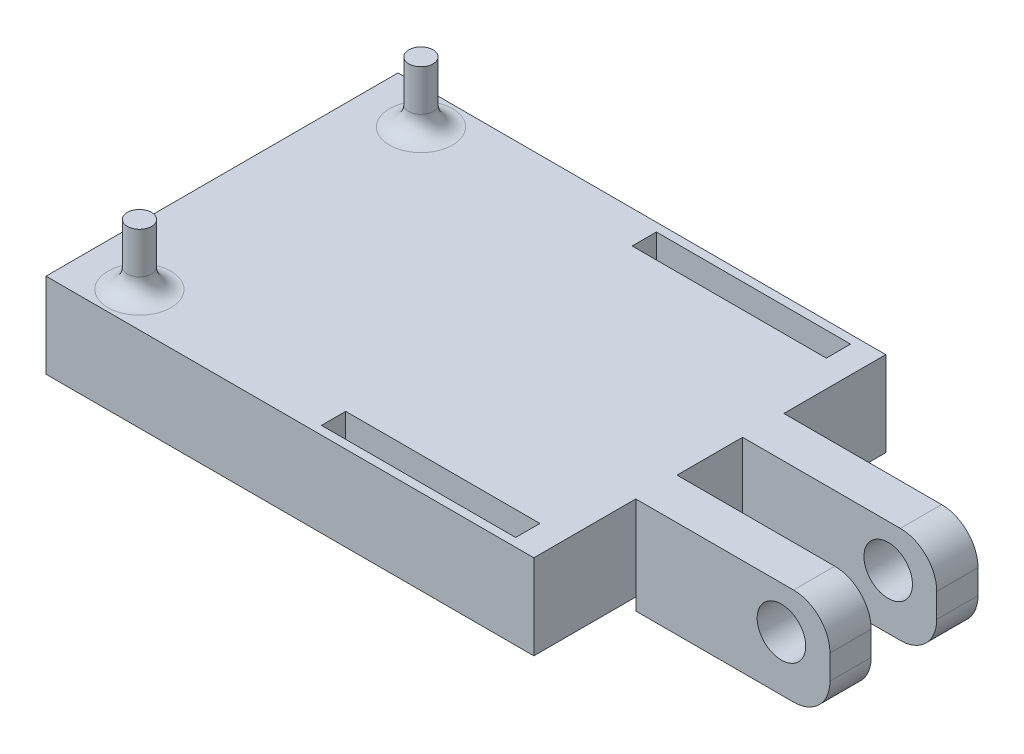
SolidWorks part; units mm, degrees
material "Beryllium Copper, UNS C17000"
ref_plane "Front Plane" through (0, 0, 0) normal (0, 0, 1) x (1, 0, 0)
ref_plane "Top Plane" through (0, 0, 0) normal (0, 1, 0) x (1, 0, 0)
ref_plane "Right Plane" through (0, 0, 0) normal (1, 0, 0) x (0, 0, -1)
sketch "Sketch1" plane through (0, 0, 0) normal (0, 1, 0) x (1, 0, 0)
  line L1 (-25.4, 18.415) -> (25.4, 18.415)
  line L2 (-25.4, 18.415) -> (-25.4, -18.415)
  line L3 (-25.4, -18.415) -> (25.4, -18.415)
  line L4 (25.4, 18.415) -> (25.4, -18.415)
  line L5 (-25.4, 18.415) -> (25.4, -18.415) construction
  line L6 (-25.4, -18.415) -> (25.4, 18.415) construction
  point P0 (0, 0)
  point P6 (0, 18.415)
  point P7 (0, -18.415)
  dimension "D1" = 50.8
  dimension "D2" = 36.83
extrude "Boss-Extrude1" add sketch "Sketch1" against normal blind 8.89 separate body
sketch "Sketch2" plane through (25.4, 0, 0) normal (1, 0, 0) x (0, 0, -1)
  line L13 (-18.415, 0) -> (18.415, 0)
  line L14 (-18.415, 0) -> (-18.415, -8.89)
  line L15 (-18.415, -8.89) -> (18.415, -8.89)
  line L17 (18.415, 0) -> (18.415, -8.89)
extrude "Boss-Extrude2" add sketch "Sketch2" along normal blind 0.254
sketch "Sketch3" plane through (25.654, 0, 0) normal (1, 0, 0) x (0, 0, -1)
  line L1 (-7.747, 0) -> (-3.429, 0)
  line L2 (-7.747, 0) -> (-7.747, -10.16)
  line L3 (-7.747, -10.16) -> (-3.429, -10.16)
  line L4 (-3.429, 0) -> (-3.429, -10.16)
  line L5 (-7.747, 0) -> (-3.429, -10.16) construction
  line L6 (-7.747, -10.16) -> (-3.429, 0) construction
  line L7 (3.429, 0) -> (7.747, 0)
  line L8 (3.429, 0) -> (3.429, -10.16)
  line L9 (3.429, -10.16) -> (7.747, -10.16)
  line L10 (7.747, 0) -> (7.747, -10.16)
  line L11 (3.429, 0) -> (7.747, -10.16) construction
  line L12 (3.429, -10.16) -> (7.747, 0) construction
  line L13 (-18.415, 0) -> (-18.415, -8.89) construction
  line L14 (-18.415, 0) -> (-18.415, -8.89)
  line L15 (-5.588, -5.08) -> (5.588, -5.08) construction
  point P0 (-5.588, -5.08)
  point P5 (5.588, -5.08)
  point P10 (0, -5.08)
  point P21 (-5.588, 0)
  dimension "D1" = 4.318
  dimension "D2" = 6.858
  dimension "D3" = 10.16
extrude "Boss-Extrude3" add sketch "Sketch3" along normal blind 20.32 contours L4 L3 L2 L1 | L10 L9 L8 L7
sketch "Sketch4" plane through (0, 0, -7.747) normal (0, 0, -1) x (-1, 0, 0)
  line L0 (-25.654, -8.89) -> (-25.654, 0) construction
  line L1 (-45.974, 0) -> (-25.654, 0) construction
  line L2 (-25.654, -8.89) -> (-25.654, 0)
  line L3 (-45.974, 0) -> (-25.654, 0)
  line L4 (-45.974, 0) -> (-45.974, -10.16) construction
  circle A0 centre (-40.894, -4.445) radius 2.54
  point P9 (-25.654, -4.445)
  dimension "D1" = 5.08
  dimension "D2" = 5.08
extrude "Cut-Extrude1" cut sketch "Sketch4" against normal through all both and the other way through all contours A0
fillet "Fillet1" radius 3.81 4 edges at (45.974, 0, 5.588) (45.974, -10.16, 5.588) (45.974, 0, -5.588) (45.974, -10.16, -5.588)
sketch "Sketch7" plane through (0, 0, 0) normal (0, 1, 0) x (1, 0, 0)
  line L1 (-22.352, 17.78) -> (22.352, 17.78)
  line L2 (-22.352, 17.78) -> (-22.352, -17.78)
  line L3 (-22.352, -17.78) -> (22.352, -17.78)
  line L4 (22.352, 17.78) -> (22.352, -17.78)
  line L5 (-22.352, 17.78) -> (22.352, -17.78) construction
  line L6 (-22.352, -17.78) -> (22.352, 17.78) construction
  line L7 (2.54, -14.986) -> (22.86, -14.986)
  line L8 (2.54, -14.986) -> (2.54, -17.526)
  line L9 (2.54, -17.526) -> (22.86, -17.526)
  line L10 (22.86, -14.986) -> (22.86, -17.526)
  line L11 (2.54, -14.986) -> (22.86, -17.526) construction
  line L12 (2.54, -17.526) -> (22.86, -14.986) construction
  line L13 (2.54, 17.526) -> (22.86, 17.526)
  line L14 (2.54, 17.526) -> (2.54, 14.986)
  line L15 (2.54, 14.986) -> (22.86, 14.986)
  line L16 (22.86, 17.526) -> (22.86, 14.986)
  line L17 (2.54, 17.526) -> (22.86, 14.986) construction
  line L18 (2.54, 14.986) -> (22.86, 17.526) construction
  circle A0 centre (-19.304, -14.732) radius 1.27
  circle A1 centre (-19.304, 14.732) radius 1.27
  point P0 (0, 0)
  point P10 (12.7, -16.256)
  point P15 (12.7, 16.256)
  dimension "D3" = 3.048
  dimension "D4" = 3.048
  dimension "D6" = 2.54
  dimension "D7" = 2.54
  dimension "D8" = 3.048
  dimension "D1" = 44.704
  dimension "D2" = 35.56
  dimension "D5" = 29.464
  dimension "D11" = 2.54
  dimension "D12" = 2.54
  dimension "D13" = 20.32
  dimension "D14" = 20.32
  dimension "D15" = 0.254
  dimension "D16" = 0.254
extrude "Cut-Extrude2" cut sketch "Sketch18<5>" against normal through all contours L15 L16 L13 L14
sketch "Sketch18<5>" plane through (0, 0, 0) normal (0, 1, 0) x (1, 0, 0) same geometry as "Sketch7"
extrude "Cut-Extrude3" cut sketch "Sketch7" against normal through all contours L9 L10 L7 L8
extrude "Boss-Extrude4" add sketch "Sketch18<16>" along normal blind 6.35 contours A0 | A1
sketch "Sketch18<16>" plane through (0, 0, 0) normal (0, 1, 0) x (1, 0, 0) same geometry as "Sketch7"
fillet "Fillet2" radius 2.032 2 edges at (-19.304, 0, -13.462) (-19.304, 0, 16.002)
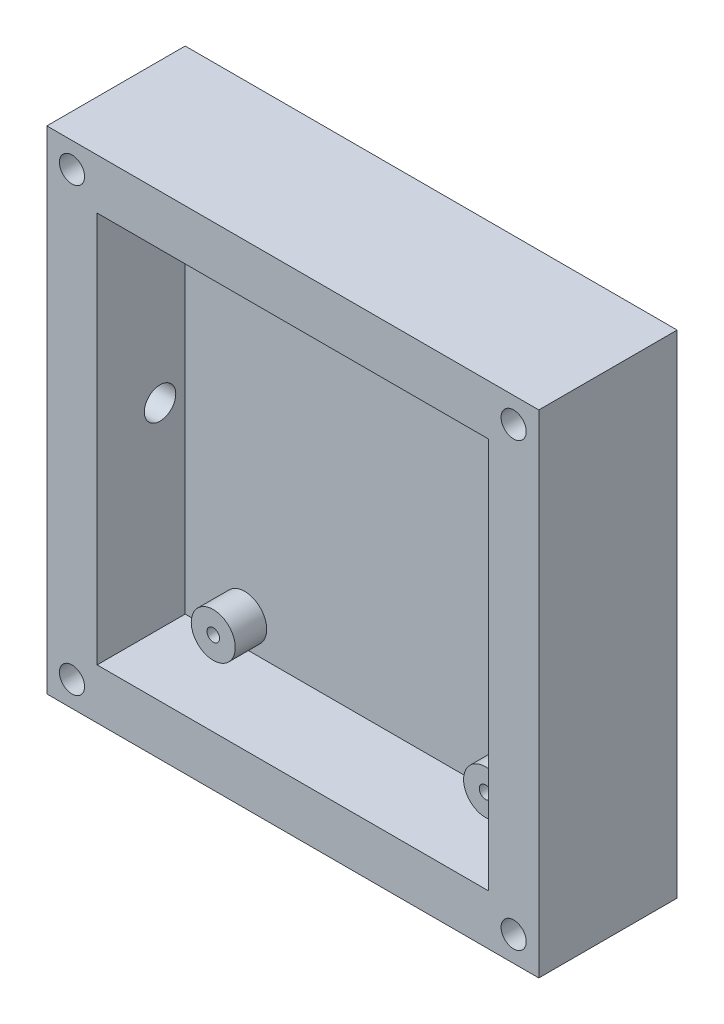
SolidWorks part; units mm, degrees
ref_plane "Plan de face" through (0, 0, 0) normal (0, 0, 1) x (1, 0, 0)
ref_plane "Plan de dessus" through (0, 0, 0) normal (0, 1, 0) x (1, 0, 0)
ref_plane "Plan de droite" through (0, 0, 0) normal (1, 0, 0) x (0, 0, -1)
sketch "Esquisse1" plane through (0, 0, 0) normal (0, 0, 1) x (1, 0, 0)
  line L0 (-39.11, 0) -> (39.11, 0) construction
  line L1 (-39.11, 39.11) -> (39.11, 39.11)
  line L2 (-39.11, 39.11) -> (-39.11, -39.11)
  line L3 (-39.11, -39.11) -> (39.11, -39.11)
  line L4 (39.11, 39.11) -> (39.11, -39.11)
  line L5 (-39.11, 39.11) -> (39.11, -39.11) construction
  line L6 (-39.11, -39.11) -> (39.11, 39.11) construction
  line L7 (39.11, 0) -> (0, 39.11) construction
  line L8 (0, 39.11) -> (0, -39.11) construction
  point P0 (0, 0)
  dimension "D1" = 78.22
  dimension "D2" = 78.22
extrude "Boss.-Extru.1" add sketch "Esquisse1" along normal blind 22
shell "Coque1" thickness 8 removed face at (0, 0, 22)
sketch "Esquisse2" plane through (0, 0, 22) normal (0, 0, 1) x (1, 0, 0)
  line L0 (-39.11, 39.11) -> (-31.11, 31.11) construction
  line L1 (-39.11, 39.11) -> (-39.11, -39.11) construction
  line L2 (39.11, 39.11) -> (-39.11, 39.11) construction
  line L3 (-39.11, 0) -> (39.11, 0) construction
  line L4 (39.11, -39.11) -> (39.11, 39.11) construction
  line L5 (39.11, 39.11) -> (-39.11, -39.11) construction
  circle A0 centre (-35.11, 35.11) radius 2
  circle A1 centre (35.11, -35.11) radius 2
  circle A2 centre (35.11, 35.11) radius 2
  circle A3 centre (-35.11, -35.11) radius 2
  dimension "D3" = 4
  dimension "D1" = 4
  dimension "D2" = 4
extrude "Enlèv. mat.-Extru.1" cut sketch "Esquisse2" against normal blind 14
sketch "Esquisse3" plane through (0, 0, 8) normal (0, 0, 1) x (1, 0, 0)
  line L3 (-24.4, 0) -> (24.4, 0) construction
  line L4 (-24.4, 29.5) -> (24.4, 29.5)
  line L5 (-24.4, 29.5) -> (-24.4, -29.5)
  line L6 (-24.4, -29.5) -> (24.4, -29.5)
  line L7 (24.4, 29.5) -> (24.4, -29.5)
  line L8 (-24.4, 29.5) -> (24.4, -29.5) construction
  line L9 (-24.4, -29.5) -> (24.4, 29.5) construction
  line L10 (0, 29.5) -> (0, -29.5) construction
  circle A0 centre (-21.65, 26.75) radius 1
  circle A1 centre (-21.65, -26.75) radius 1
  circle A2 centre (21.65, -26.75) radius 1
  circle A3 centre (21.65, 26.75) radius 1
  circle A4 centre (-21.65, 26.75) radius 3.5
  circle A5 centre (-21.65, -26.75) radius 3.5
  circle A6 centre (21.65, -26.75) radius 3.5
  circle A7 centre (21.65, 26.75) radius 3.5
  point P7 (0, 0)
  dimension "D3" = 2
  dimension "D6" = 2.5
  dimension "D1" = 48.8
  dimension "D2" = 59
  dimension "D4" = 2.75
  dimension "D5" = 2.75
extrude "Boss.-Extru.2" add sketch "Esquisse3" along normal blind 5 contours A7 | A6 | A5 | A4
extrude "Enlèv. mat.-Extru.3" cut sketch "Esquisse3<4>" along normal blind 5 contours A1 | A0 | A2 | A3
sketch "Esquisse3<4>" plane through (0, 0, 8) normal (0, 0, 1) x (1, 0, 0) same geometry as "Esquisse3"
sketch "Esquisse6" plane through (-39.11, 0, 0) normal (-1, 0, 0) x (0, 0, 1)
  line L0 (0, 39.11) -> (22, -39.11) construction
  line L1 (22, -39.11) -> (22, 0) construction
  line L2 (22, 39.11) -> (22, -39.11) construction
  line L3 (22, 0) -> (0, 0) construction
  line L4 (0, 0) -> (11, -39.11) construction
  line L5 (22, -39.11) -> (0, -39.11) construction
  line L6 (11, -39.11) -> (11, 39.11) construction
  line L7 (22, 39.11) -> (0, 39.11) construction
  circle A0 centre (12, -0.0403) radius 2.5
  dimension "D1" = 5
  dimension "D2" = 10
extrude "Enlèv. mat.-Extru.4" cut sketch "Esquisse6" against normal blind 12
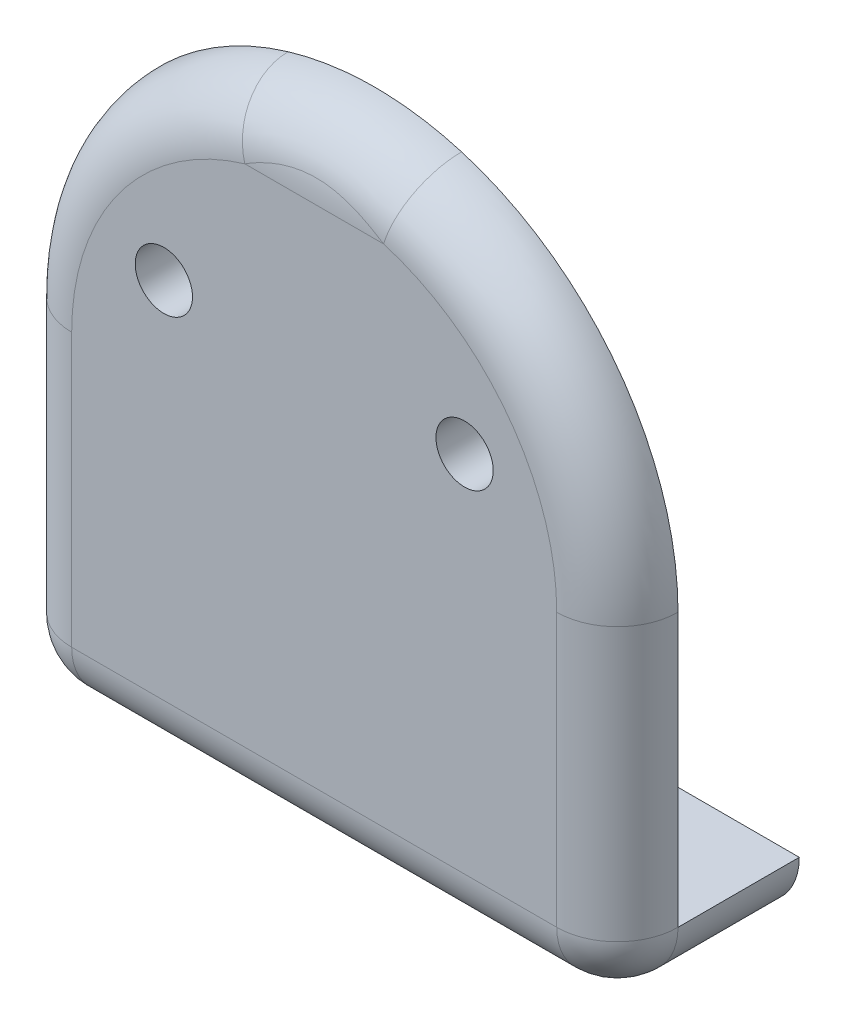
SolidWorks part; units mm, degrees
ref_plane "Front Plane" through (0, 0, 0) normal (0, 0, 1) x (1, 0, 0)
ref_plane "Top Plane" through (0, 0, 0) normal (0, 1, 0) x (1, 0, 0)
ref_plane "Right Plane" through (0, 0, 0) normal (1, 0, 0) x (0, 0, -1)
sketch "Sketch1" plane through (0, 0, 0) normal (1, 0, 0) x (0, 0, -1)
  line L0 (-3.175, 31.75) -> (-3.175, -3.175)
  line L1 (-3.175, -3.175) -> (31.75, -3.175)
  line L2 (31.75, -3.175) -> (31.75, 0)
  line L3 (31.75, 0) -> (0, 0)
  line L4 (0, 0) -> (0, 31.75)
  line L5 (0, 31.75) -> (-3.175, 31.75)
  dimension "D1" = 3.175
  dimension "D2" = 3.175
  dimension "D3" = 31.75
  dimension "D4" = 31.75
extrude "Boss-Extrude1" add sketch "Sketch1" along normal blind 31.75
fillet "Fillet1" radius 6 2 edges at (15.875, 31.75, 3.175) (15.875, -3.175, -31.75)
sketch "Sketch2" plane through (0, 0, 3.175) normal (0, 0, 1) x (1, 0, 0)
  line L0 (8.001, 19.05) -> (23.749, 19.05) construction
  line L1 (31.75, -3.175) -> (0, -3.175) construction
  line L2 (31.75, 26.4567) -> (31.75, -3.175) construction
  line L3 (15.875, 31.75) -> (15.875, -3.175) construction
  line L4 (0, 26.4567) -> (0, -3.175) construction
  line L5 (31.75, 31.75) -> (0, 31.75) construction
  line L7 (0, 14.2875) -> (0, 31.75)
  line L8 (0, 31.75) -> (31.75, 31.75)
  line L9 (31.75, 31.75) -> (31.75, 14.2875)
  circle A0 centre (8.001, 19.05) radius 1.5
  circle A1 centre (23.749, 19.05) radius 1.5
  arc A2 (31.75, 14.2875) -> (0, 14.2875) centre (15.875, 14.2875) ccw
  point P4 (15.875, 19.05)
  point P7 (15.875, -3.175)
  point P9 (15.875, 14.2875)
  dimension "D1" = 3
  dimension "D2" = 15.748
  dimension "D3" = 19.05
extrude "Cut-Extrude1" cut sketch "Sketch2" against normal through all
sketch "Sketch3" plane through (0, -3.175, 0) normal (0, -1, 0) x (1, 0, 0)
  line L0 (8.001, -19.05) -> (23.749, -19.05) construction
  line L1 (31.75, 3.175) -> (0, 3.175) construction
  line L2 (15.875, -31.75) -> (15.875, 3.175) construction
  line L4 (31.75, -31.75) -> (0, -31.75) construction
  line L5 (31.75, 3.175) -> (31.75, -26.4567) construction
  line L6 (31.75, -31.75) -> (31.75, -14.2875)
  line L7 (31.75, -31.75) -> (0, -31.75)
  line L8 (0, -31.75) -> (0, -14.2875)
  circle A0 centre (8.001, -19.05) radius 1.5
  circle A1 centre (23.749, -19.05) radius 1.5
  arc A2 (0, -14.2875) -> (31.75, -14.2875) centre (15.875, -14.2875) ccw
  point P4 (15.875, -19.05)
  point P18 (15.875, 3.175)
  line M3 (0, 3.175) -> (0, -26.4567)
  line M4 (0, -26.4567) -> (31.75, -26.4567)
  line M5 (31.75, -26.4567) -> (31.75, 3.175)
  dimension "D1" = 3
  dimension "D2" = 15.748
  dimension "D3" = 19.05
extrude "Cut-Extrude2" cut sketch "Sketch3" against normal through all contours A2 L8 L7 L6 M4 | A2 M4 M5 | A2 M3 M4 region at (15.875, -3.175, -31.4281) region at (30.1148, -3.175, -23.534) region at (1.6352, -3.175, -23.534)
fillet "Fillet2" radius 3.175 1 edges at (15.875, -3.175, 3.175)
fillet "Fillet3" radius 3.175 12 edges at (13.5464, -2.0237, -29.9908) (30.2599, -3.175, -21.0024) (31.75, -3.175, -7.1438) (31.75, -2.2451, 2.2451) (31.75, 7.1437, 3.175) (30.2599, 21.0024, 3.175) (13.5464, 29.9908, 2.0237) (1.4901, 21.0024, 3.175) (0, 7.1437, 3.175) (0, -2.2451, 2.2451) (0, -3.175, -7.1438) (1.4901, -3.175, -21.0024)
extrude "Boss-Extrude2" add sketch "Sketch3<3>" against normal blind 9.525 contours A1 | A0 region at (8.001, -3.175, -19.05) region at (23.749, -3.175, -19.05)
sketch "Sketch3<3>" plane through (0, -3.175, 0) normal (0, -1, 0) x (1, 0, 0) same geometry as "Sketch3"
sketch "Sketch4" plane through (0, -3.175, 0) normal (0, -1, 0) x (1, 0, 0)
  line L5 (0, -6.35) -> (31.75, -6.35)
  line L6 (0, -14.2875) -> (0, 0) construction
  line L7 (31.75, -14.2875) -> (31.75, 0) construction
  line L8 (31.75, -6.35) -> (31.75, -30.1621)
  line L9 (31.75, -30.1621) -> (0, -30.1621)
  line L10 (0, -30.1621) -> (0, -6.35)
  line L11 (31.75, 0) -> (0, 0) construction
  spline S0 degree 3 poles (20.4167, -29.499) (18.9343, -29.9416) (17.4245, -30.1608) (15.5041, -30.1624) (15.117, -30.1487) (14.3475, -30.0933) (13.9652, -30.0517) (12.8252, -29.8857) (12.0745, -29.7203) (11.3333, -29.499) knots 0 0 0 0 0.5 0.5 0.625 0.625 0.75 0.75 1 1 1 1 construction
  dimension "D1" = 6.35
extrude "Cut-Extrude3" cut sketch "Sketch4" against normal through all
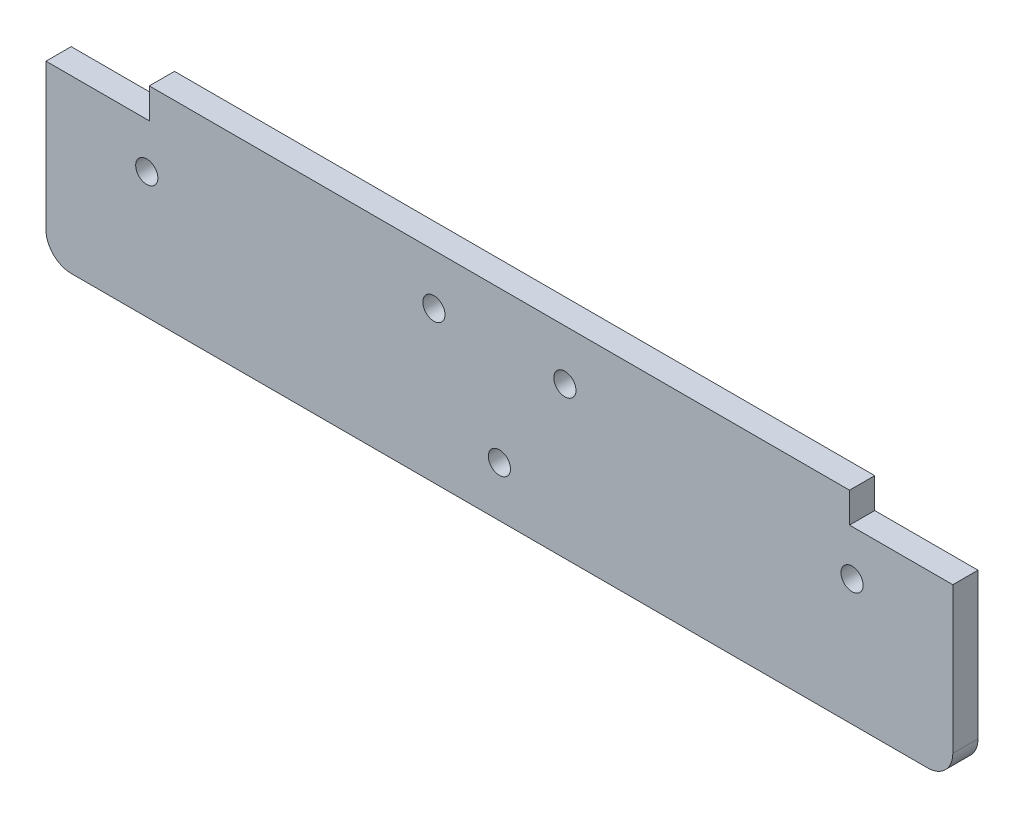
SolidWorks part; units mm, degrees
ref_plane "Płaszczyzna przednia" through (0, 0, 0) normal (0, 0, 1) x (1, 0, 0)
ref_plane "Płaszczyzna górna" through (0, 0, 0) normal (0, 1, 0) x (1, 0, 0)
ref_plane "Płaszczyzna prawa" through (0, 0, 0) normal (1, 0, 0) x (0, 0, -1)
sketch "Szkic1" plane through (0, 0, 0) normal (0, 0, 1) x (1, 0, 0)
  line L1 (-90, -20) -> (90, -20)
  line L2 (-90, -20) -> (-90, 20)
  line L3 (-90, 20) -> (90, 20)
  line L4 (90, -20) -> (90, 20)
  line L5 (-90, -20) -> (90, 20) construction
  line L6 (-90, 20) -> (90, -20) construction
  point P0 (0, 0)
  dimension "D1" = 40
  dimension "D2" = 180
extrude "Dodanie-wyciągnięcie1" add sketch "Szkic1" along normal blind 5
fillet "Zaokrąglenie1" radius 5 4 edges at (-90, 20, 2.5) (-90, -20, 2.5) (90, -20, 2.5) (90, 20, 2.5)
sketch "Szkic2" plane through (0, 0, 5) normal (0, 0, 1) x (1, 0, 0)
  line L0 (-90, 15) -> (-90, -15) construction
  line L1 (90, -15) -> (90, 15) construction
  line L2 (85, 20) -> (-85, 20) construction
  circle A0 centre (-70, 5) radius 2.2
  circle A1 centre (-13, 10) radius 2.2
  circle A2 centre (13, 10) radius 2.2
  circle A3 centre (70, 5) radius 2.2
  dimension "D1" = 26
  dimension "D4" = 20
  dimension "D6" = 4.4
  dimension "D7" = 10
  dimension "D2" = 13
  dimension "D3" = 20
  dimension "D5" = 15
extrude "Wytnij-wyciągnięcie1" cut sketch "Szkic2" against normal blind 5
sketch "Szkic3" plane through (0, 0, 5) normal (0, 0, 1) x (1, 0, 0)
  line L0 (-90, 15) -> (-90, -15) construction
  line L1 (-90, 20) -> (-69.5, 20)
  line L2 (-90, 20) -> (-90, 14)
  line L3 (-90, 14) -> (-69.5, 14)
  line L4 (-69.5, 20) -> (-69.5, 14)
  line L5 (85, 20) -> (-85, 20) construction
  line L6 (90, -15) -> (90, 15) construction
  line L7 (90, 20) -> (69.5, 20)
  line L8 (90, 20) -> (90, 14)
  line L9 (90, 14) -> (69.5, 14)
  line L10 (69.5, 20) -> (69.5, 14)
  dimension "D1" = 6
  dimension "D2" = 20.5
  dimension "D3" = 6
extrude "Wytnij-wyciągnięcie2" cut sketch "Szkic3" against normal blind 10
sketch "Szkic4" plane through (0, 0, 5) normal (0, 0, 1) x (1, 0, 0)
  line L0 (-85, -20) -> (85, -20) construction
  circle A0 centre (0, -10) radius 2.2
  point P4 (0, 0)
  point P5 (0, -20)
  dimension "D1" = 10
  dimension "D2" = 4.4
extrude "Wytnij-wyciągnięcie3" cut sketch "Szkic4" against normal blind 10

What the task asks - How many lines in the records hold the string "region"? Reply with the number only.

Expected output - 2